You cannot define applied mathematics as a subfield of mathematics for any sensible definition of mathematics.

Errata: applied mathematics [math] \not\subset [/math] mathematics.

>You cannot define applied mathematics as a subfield of mathematics for any sensible definition of mathematics.
What do you mean? 'Applied' is just a modifier, it separates mathematics into applied mathematics and non-applied (pure) mathematics.

What sensible definition of mathematics do you propose?

Now, say, [math] if [/math] you think about mathematics as a practice, concretely, as the application of results obtained by studying mathematical structures, then [math] all [/math] mathematics is applied mathematics.
You're spouting words but you're saying nothing. Define that separation.
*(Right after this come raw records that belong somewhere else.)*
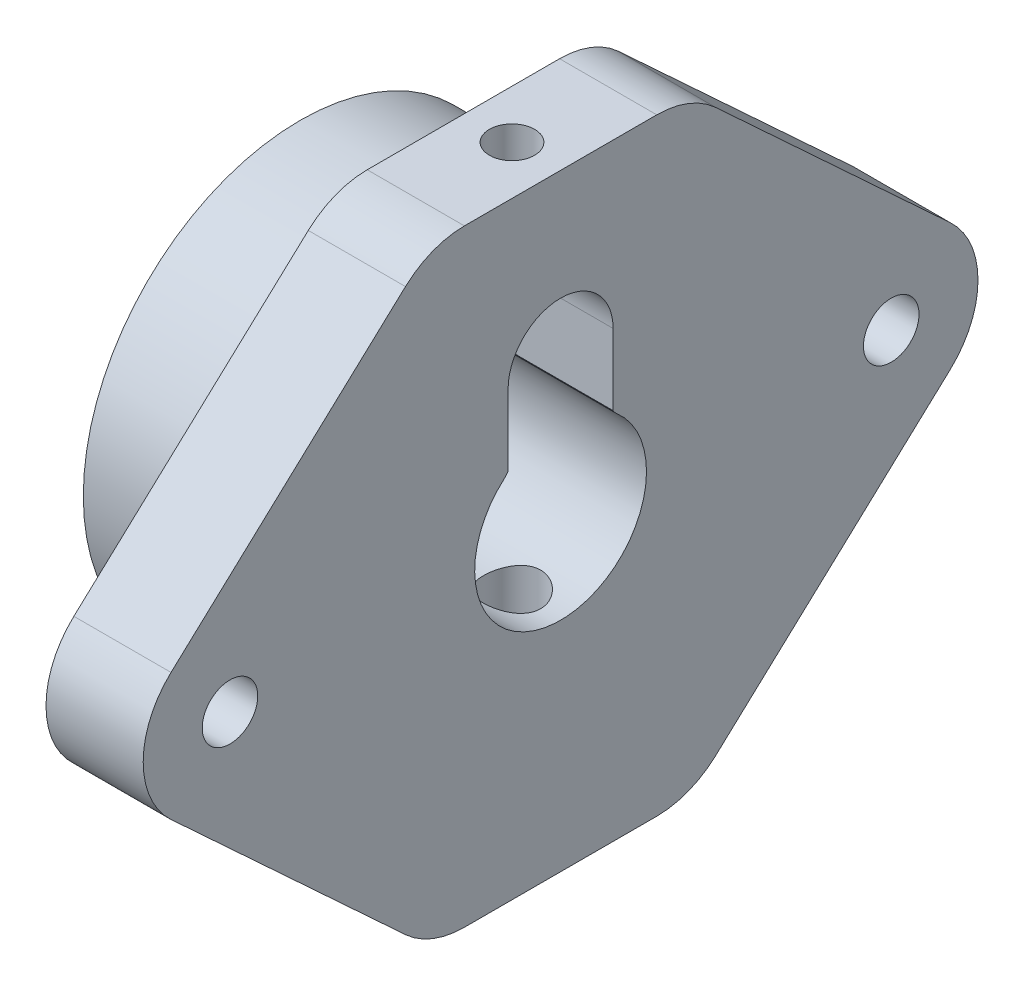
ISO-10303-21;
HEADER;
FILE_DESCRIPTION(('STEP AP214'),'2;1');
FILE_NAME('part.step','',(''),(''),'','','');
FILE_SCHEMA(('AUTOMOTIVE_DESIGN { 1 0 10303 214 1 1 1 1 }'));
ENDSEC;
DATA;
#1=APPLICATION_CONTEXT('core data for automotive mechanical design processes');
#2=APPLICATION_PROTOCOL_DEFINITION('international standard','automotive_design',2000,#1);
#3=PRODUCT_CONTEXT('',#1,'mechanical');
#4=PRODUCT('Part','Part','',(#3));
#5=PRODUCT_RELATED_PRODUCT_CATEGORY('part','',(#4));
#6=PRODUCT_DEFINITION_FORMATION('','',#4);
#7=PRODUCT_DEFINITION_CONTEXT('part definition',#1,'design');
#8=PRODUCT_DEFINITION('design','',#6,#7);
#9=PRODUCT_DEFINITION_SHAPE('','',#8);
#10=(LENGTH_UNIT() NAMED_UNIT(*) SI_UNIT(.MILLI.,.METRE.));
#11=(NAMED_UNIT(*) PLANE_ANGLE_UNIT() SI_UNIT($,.RADIAN.));
#12=(NAMED_UNIT(*) SI_UNIT($,.STERADIAN.) SOLID_ANGLE_UNIT());
#13=UNCERTAINTY_MEASURE_WITH_UNIT(LENGTH_MEASURE(1.E-05),#10,'distance_accuracy_value','');
#14=(GEOMETRIC_REPRESENTATION_CONTEXT(3) GLOBAL_UNCERTAINTY_ASSIGNED_CONTEXT((#13)) GLOBAL_UNIT_ASSIGNED_CONTEXT((#10,
#11,#12)) REPRESENTATION_CONTEXT('',''));
#15=CARTESIAN_POINT('',(0.,0.,0.));
#16=DIRECTION('',(0.,0.,1.));
#17=DIRECTION('',(1.,0.,0.));
#18=AXIS2_PLACEMENT_3D('',#15,#16,#17);
#19=CARTESIAN_POINT('',(0.,-17.5,0.));
#20=DIRECTION('',(0.,1.,0.));
#21=DIRECTION('',(0.,0.,1.));
#22=AXIS2_PLACEMENT_3D('',#19,#20,#21);
#23=PLANE('',#22);
#24=CARTESIAN_POINT('',(12.2,-17.5,0.));
#25=DIRECTION('',(0.,-1.,0.));
#26=DIRECTION('',(0.,0.,-1.));
#27=AXIS2_PLACEMENT_3D('',#24,#25,#26);
#28=CIRCLE('',#27,1.65);
#29=CARTESIAN_POINT('',(12.2,-17.5,-1.65));
#30=VERTEX_POINT('',#29);
#31=EDGE_CURVE('E421',#30,#30,#28,.T.);
#32=ORIENTED_EDGE('',*,*,#31,.F.);
#33=EDGE_LOOP('',(#32));
#34=FACE_BOUND('',#33,.T.);
#35=DIRECTION('',(0.,0.,1.));
#36=VECTOR('',#35,1.);
#37=CARTESIAN_POINT('',(9.4,-17.5,0.));
#38=LINE('',#37,#36);
#39=CARTESIAN_POINT('',(9.4,-17.5,-5.5415515668414));
#40=VERTEX_POINT('',#39);
#41=CARTESIAN_POINT('',(9.4,-17.5,5.5415515668414));
#42=VERTEX_POINT('',#41);
#43=EDGE_CURVE('E263',#40,#42,#38,.T.);
#44=ORIENTED_EDGE('',*,*,#43,.F.);
#45=DIRECTION('',(-1.,0.,0.));
#46=VECTOR('',#45,1.);
#47=CARTESIAN_POINT('',(15.,-17.5,-5.5415515668414));
#48=LINE('',#47,#46);
#49=CARTESIAN_POINT('',(15.,-17.5,-5.5415515668414));
#50=VERTEX_POINT('',#49);
#51=EDGE_CURVE('E458',#40,#50,#48,.F.);
#52=ORIENTED_EDGE('',*,*,#51,.T.);
#53=DIRECTION('',(0.,0.,1.));
#54=VECTOR('',#53,1.);
#55=CARTESIAN_POINT('',(15.,-17.5,0.));
#56=LINE('',#55,#54);
#57=CARTESIAN_POINT('',(15.,-17.5,5.5415515668414));
#58=VERTEX_POINT('',#57);
#59=EDGE_CURVE('E259',#50,#58,#56,.T.);
#60=ORIENTED_EDGE('',*,*,#59,.T.);
#61=DIRECTION('',(-1.,0.,0.));
#62=VECTOR('',#61,1.);
#63=CARTESIAN_POINT('',(0.,-17.5,5.5415515668414));
#64=LINE('',#63,#62);
#65=EDGE_CURVE('E460',#58,#42,#64,.T.);
#66=ORIENTED_EDGE('',*,*,#65,.T.);
#67=EDGE_LOOP('',(#44,#52,#60,#66));
#68=FACE_BOUND('',#67,.T.);
#69=ADVANCED_FACE('F35',(#34,#68),#23,.F.);
#70=CARTESIAN_POINT('',(0.,17.5,0.));
#71=DIRECTION('',(0.,1.,0.));
#72=DIRECTION('',(0.,0.,1.));
#73=AXIS2_PLACEMENT_3D('',#70,#71,#72);
#74=PLANE('',#73);
#75=CARTESIAN_POINT('',(12.2,17.5,0.));
#76=DIRECTION('',(0.,1.,0.));
#77=DIRECTION('',(0.,0.,1.));
#78=AXIS2_PLACEMENT_3D('',#75,#76,#77);
#79=CIRCLE('',#78,1.3);
#80=CARTESIAN_POINT('',(12.2,17.5,1.3));
#81=VERTEX_POINT('',#80);
#82=EDGE_CURVE('E256',#81,#81,#79,.T.);
#83=ORIENTED_EDGE('',*,*,#82,.F.);
#84=EDGE_LOOP('',(#83));
#85=FACE_BOUND('',#84,.T.);
#86=DIRECTION('',(0.,0.,1.));
#87=VECTOR('',#86,1.);
#88=CARTESIAN_POINT('',(15.,17.5,0.));
#89=LINE('',#88,#87);
#90=CARTESIAN_POINT('',(15.,17.5,-5.5415515668414));
#91=VERTEX_POINT('',#90);
#92=CARTESIAN_POINT('',(15.,17.5,5.5415515668414));
#93=VERTEX_POINT('',#92);
#94=EDGE_CURVE('E260',#91,#93,#89,.T.);
#95=ORIENTED_EDGE('',*,*,#94,.F.);
#96=DIRECTION('',(1.,0.,0.));
#97=VECTOR('',#96,1.);
#98=CARTESIAN_POINT('',(9.4,17.5,-5.5415515668414));
#99=LINE('',#98,#97);
#100=CARTESIAN_POINT('',(9.4,17.5,-5.5415515668414));
#101=VERTEX_POINT('',#100);
#102=EDGE_CURVE('E432',#91,#101,#99,.F.);
#103=ORIENTED_EDGE('',*,*,#102,.T.);
#104=DIRECTION('',(0.,0.,1.));
#105=VECTOR('',#104,1.);
#106=CARTESIAN_POINT('',(9.4,17.5,0.));
#107=LINE('',#106,#105);
#108=CARTESIAN_POINT('',(9.4,17.5,5.5415515668414));
#109=VERTEX_POINT('',#108);
#110=EDGE_CURVE('E268',#101,#109,#107,.T.);
#111=ORIENTED_EDGE('',*,*,#110,.T.);
#112=DIRECTION('',(1.,0.,0.));
#113=VECTOR('',#112,1.);
#114=CARTESIAN_POINT('',(0.,17.5,5.5415515668414));
#115=LINE('',#114,#113);
#116=EDGE_CURVE('E435',#109,#93,#115,.T.);
#117=ORIENTED_EDGE('',*,*,#116,.T.);
#118=EDGE_LOOP('',(#95,#103,#111,#117));
#119=FACE_BOUND('',#118,.T.);
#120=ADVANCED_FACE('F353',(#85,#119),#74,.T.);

What does "applied" modify and how does it modify it?

>What does "applied" modify and how does it modify it?
It modifies mathematics, specifying the subset of mathematics dealing with applications of mathematics to fields other than mathematics

How can you define mathematics in terms of 'mathematical structures', a term which depends on mathematics?

>applications of mathematics to fields other than mathematics
is not a
>subset of mathematics

pure mathematics
>Mathematics which yield applications within mathematics (i.e. mathematics for the sake of mathematics).

applied mathematics
>Mathematics which yield applications outside mathematics (i.e. mathematics for the sake of something else).

Heuristically speaking pure mathematicians care about more general results (at a higher level of abstraction) while applied mathematicians care about more specialized results (at a lower level of abstraction).

How so?

You either apply mathematics techniques within the context of mathematics alone or you don't, when you don't it's applied mathematics.

>Mathematics is the study of mathematical structures.
Define 'mathematical structures'.

A mathematical structure is an object whose essential properties are exhausted by its formal definition. Synonymic terms: a platonic Form or Idea.

>A mathematical structure is an object whose essential properties are exhausted by its formal definition.
How does one prove something is a mathematical structure?